Tarrant
© AAPTarrant has appealed his official status as a terrorist in New Zealand’s High Court.
Christchurch mosque killer Brenton Tarrant has launched a high court appeal to have his designation as a terrorist revoked.

The Australian white supremacist wants the court to review decisions made by the NZ Department of Corrections about his prison conditions, and his designation as a "terrorist entity" under the country's Terrorism Suppression Act.

The judicial review will be heard at the High Court in Auckland on Thursday. He will be representing himself.

Tarrant was in August jailed for life without parole for the murder of 51 people and attempted murder of 40 at Masjid An Nur and Linwood mosque on March 15, 2019.

He is the only person to be designated the status of terrorist in New Zealand.

He is fighting the restrictions he has during his life imprisonment on human rights grounds, according to legal sources who were not cleared to speak on the record.

Under the Corrections Act, everyone in custody is entitled to exercise, bedding, a proper diet, one private visitor a week, a legal adviser, medical treatment, healthcare, mail and telephone calls.

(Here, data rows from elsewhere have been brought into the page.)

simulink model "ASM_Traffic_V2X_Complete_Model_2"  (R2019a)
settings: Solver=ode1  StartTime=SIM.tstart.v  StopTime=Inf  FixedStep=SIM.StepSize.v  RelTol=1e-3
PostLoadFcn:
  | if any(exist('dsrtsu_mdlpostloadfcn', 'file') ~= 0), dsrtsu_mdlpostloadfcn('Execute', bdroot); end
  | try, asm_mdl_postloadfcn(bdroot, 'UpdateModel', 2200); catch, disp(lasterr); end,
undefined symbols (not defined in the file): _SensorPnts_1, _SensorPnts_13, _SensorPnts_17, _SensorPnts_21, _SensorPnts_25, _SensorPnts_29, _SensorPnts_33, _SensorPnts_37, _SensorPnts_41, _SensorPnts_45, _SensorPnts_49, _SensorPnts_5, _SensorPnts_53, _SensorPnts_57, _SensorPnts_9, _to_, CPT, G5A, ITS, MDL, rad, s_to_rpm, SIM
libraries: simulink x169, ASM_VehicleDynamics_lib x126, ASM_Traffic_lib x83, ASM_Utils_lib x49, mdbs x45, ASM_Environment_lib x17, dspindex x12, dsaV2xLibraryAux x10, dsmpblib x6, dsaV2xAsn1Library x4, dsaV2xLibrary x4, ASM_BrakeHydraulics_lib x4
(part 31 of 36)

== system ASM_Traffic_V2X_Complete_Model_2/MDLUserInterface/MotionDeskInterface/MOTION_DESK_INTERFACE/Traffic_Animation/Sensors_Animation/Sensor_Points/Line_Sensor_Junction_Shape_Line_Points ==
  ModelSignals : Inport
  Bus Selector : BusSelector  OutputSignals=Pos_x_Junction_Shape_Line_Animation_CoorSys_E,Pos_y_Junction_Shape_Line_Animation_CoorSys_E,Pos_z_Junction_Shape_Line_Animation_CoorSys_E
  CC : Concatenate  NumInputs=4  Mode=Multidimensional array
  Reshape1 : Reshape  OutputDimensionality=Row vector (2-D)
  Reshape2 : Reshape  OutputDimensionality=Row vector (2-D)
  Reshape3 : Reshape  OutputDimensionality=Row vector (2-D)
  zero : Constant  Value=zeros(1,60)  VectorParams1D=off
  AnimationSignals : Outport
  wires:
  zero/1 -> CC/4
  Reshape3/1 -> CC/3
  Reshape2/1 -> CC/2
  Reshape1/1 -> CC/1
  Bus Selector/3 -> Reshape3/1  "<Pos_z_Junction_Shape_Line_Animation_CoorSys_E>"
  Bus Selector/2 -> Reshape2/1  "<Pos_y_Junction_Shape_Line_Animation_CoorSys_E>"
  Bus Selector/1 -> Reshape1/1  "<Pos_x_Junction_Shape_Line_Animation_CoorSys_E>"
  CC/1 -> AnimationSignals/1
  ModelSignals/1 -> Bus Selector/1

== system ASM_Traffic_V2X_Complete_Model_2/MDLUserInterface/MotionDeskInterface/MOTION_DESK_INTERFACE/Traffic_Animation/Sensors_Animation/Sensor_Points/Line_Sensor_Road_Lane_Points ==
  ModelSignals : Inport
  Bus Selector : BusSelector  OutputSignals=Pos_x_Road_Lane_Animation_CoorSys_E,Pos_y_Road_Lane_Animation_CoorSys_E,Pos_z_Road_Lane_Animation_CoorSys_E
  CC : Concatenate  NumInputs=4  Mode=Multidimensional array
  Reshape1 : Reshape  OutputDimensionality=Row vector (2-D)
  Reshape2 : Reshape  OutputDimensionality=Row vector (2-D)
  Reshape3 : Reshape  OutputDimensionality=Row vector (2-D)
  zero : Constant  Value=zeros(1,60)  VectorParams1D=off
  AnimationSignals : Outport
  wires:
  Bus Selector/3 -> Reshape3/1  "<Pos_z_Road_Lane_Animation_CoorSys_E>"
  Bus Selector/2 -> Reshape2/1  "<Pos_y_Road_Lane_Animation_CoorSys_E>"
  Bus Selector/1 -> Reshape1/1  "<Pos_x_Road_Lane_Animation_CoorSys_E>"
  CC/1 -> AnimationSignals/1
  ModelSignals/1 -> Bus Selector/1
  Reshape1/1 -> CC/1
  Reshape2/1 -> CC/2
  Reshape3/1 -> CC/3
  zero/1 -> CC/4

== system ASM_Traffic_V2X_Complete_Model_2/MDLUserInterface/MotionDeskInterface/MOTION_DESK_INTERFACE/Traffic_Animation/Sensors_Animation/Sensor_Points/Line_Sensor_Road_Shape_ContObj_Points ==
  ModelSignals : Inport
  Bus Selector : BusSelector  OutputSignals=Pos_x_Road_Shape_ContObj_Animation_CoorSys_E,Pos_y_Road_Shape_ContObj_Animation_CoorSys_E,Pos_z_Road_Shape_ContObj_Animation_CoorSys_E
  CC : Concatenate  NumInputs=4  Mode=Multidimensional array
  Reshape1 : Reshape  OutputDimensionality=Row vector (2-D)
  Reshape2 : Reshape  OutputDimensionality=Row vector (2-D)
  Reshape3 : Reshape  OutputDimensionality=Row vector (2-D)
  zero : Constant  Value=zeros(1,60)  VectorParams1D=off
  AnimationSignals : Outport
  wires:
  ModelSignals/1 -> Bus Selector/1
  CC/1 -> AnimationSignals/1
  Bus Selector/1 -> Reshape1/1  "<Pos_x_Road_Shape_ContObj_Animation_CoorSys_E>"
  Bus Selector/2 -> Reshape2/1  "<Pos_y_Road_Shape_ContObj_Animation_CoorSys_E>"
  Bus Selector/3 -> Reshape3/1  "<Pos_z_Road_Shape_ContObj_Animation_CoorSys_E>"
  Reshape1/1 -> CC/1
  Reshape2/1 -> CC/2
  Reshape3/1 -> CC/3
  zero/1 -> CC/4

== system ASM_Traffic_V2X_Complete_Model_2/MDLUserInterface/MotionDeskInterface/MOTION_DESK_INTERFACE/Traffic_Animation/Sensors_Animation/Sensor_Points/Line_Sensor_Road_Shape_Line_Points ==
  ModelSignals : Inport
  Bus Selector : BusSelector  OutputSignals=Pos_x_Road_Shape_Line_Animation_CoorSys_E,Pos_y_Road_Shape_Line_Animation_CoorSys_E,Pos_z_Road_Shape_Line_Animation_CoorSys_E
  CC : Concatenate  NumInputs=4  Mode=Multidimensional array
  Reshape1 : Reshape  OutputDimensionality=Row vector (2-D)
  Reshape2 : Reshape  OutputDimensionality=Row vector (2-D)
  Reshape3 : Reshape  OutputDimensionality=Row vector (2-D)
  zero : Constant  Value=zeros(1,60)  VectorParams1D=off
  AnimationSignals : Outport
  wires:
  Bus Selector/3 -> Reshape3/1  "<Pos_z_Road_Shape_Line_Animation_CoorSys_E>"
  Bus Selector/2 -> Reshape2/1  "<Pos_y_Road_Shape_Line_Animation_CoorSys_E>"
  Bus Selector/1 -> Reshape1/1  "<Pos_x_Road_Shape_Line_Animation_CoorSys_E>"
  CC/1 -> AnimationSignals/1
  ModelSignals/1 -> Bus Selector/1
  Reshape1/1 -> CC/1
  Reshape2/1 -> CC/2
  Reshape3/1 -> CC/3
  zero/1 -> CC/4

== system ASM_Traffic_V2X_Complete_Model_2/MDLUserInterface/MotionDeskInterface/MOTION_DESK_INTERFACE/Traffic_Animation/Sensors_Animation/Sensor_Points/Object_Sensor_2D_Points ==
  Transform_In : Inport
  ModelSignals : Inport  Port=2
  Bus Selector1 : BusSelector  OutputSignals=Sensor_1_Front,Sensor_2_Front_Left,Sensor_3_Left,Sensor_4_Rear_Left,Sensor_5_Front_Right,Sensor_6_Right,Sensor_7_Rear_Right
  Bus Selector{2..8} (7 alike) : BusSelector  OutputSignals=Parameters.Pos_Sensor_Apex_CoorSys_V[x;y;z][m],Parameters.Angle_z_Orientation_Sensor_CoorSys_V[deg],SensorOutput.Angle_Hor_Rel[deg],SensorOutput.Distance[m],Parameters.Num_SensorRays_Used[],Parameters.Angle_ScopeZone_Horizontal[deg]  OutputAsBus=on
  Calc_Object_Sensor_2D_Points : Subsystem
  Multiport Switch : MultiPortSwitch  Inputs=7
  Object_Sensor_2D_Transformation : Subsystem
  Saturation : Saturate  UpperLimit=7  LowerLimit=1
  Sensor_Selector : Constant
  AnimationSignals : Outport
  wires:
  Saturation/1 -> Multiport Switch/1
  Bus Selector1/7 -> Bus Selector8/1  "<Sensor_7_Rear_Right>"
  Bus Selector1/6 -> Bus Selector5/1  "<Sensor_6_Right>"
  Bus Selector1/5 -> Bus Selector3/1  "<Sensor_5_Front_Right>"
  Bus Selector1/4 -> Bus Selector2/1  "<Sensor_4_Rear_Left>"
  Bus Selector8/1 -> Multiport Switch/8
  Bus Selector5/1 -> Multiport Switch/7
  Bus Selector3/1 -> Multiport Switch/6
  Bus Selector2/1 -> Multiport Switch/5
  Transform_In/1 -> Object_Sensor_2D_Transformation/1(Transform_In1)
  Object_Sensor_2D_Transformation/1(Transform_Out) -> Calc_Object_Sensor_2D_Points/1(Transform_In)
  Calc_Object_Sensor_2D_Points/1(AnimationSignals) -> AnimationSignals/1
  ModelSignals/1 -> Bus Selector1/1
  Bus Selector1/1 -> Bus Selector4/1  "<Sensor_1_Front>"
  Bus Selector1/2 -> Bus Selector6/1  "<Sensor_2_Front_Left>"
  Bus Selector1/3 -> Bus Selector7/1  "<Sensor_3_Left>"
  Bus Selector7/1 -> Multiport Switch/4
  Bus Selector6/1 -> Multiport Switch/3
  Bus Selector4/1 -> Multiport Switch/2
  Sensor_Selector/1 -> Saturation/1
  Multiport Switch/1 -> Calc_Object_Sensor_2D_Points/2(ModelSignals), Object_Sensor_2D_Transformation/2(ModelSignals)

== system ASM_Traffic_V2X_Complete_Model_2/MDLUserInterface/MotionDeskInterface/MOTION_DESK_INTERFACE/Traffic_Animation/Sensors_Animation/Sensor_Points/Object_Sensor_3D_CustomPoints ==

But there are exceptions. Entitlements can be withheld for various reasons including being segregated or in protective custody, health and safety or because it's not practicable.

Victims' families and survivors were notified about the hearing on Wednesday afternoon.

The review has no bearing on the outcome of the criminal case, the sentence imposed or the man's terrorism conviction.

Tarrant is managed behind bars at Auckland Prison by members of a group known as the Prisoner of Extreme Risk directorate.

Brenton Tarrant has become the first person in New Zealand to be sentenced to life without parole after the Christchurch mosque killings.

The directorate, created on July 1, 2019, was set up in response to the massacre and looks after the country's most dangerous inmates.

Corrections national commissioner Rachel Leota previously said it was "made up of staff from a range of disciplines across the organisation and ensures that we have the best intelligence, information, assessment and planning around the management of offenders who present with significant unique risks, which have the potential to cause significant harm or distress, either directly or indirectly".

Few other details about the directorate's work have been revealed, with corrections redacting information in documents because of concerns about divulging "highly sensitive operational detail".


Comment: His terrorist status means the information surrounding the massacre are tightly controlled, and evidently there are details that the government are afraid of being leaked to the public: Cover-up: Royal Commission to suppress evidence in Christchurch terror attack report for 30 years


In August last year Nigel Hampton QC said the mosque shooter's confinement would have to be carefully managed, given the risks of isolation to physical and mental health, including suicide, psychosis, anxiety, depression, fractures, blindness, weakness and weight loss.

It would have to comply with the Convention against Torture and other Cruel, Inhuman and Degrading Treatment, whose governing body recommended against even short-term solitary confinement.

New Zealand's Bill of Rights protects against torture and cruel, degrading and excessively severe punishments.

In Norway, Anders Breivik, the killer who murdered 77 people in a car bombing in central Oslo and shooting spree on Utoeya island in 2011, claimed his prison conditions, which included being held in isolation, were worse than the death penalty, and a violation of his human rights.

But his years-long legal battle against his treatment came to an end in 2018, when the European Courts of Human Rights rejected his appeal and said its decision was final.